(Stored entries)
========================================================================

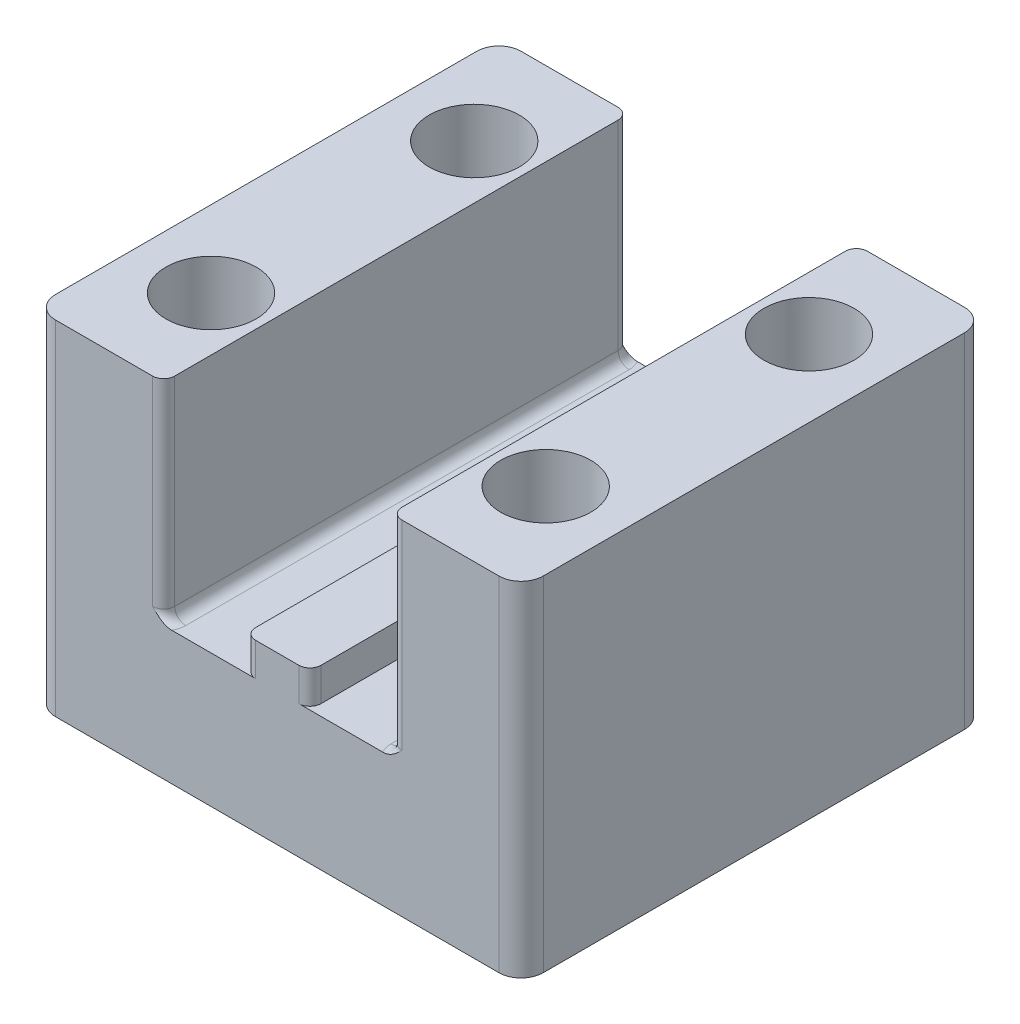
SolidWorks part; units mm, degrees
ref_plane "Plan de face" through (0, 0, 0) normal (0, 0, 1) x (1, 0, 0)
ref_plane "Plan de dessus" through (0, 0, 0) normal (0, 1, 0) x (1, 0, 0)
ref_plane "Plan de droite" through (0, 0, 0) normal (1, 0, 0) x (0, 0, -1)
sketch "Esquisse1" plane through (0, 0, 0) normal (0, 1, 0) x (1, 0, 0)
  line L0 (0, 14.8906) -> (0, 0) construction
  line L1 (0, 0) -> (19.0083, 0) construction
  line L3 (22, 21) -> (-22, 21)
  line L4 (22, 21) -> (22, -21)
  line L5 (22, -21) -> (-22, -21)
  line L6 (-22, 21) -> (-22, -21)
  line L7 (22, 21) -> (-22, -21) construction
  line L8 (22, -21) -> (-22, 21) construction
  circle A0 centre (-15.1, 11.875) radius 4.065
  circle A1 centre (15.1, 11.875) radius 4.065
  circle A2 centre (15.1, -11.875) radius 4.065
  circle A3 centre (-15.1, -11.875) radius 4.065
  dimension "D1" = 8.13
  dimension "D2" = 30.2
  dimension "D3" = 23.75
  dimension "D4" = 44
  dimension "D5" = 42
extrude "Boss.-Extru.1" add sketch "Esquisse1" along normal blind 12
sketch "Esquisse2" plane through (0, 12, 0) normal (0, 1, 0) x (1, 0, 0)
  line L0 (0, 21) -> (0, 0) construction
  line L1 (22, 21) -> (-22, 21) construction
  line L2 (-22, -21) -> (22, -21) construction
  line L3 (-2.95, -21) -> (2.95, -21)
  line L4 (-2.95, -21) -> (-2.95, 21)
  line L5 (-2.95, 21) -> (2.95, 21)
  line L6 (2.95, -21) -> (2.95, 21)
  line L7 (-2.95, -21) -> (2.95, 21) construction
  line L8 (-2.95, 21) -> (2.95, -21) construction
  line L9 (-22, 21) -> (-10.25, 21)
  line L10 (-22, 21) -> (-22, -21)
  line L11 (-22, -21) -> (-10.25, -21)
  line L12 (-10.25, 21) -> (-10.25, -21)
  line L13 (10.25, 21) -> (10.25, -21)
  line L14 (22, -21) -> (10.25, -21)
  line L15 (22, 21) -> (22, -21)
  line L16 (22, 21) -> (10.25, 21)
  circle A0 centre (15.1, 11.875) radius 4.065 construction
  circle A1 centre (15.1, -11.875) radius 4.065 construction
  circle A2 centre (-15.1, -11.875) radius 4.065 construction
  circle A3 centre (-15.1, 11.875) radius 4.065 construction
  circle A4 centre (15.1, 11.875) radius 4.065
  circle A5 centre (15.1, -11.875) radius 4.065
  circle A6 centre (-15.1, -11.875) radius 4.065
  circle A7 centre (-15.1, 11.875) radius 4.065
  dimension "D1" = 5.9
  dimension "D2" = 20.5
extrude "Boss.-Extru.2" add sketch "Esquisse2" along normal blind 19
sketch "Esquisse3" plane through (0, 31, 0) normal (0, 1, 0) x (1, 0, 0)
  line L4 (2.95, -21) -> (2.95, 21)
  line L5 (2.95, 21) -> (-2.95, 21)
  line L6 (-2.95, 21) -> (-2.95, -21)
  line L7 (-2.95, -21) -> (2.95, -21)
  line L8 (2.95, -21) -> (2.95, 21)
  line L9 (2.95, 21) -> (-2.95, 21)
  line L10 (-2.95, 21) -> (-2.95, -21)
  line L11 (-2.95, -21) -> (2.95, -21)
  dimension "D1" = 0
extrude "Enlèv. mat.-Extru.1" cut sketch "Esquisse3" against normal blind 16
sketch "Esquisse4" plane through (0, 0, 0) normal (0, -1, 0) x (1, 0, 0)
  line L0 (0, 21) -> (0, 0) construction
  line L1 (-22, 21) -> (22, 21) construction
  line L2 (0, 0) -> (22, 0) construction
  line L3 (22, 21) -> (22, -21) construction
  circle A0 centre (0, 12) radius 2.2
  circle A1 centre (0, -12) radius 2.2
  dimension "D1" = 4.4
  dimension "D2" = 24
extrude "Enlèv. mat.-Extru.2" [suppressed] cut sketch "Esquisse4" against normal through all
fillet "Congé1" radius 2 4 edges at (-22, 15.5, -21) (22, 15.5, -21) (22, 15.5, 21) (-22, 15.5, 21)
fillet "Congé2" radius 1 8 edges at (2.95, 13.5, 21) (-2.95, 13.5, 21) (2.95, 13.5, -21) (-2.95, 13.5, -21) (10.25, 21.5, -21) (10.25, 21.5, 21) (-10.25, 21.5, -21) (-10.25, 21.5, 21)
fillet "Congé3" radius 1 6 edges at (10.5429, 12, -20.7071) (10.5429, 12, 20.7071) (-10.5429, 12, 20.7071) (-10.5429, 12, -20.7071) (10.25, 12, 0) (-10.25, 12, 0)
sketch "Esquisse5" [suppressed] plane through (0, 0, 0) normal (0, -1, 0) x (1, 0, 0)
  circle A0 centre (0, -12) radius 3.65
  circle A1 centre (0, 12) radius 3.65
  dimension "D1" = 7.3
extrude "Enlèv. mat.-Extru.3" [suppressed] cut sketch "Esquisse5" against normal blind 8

========================================================================

● To do:
Drop the pictures and set down the data above exactly.

● Task output:
SolidWorks part; units mm, degrees
ref_plane "Plan de face" through (0, 0, 0) normal (0, 0, 1) x (1, 0, 0)
ref_plane "Plan de dessus" through (0, 0, 0) normal (0, 1, 0) x (1, 0, 0)
ref_plane "Plan de droite" through (0, 0, 0) normal (1, 0, 0) x (0, 0, -1)
sketch "Esquisse1" plane through (0, 0, 0) normal (0, 1, 0) x (1, 0, 0)
  line L0 (0, 14.8906) -> (0, 0) construction
  line L1 (0, 0) -> (19.0083, 0) construction
  line L3 (22, 21) -> (-22, 21)
  line L4 (22, 21) -> (22, -21)
  line L5 (22, -21) -> (-22, -21)
  line L6 (-22, 21) -> (-22, -21)
  line L7 (22, 21) -> (-22, -21) construction
  line L8 (22, -21) -> (-22, 21) construction
  circle A0 centre (-15.1, 11.875) radius 4.065
  circle A1 centre (15.1, 11.875) radius 4.065
  circle A2 centre (15.1, -11.875) radius 4.065
  circle A3 centre (-15.1, -11.875) radius 4.065
  dimension "D1" = 8.13
  dimension "D2" = 30.2
  dimension "D3" = 23.75
  dimension "D4" = 44
  dimension "D5" = 42
extrude "Boss.-Extru.1" add sketch "Esquisse1" along normal blind 12
sketch "Esquisse2" plane through (0, 12, 0) normal (0, 1, 0) x (1, 0, 0)
  line L0 (0, 21) -> (0, 0) construction
  line L1 (22, 21) -> (-22, 21) construction
  line L2 (-22, -21) -> (22, -21) construction
  line L3 (-2.95, -21) -> (2.95, -21)
  line L4 (-2.95, -21) -> (-2.95, 21)
  line L5 (-2.95, 21) -> (2.95, 21)
  line L6 (2.95, -21) -> (2.95, 21)
  line L7 (-2.95, -21) -> (2.95, 21) construction
  line L8 (-2.95, 21) -> (2.95, -21) construction
  line L9 (-22, 21) -> (-10.25, 21)
  line L10 (-22, 21) -> (-22, -21)
  line L11 (-22, -21) -> (-10.25, -21)
  line L12 (-10.25, 21) -> (-10.25, -21)
  line L13 (10.25, 21) -> (10.25, -21)
  line L14 (22, -21) -> (10.25, -21)
  line L15 (22, 21) -> (22, -21)
  line L16 (22, 21) -> (10.25, 21)
  circle A0 centre (15.1, 11.875) radius 4.065 construction
  circle A1 centre (15.1, -11.875) radius 4.065 construction
  circle A2 centre (-15.1, -11.875) radius 4.065 construction
  circle A3 centre (-15.1, 11.875) radius 4.065 construction
  circle A4 centre (15.1, 11.875) radius 4.065
  circle A5 centre (15.1, -11.875) radius 4.065
  circle A6 centre (-15.1, -11.875) radius 4.065
  circle A7 centre (-15.1, 11.875) radius 4.065
  dimension "D1" = 5.9
  dimension "D2" = 20.5
extrude "Boss.-Extru.2" add sketch "Esquisse2" along normal blind 19
sketch "Esquisse3" plane through (0, 31, 0) normal (0, 1, 0) x (1, 0, 0)
  line L4 (2.95, -21) -> (2.95, 21)
  line L5 (2.95, 21) -> (-2.95, 21)
  line L6 (-2.95, 21) -> (-2.95, -21)
  line L7 (-2.95, -21) -> (2.95, -21)
  line L8 (2.95, -21) -> (2.95, 21)
  line L9 (2.95, 21) -> (-2.95, 21)
  line L10 (-2.95, 21) -> (-2.95, -21)
  line L11 (-2.95, -21) -> (2.95, -21)
  dimension "D1" = 0
extrude "Enlèv. mat.-Extru.1" cut sketch "Esquisse3" against normal blind 16
sketch "Esquisse4" plane through (0, 0, 0) normal (0, -1, 0) x (1, 0, 0)
  line L0 (0, 21) -> (0, 0) construction
  line L1 (-22, 21) -> (22, 21) construction
  line L2 (0, 0) -> (22, 0) construction
  line L3 (22, 21) -> (22, -21) construction
  circle A0 centre (0, 12) radius 2.2
  circle A1 centre (0, -12) radius 2.2
  dimension "D1" = 4.4
  dimension "D2" = 24
extrude "Enlèv. mat.-Extru.2" [suppressed] cut sketch "Esquisse4" against normal through all
fillet "Congé1" radius 2 4 edges at (-22, 15.5, -21) (22, 15.5, -21) (22, 15.5, 21) (-22, 15.5, 21)
fillet "Congé2" radius 1 8 edges at (2.95, 13.5, 21) (-2.95, 13.5, 21) (2.95, 13.5, -21) (-2.95, 13.5, -21) (10.25, 21.5, -21) (10.25, 21.5, 21) (-10.25, 21.5, -21) (-10.25, 21.5, 21)
fillet "Congé3" radius 1 6 edges at (10.5429, 12, -20.7071) (10.5429, 12, 20.7071) (-10.5429, 12, 20.7071) (-10.5429, 12, -20.7071) (10.25, 12, 0) (-10.25, 12, 0)
sketch "Esquisse5" [suppressed] plane through (0, 0, 0) normal (0, -1, 0) x (1, 0, 0)
  circle A0 centre (0, -12) radius 3.65
  circle A1 centre (0, 12) radius 3.65
  dimension "D1" = 7.3
extrude "Enlèv. mat.-Extru.3" [suppressed] cut sketch "Esquisse5" against normal blind 8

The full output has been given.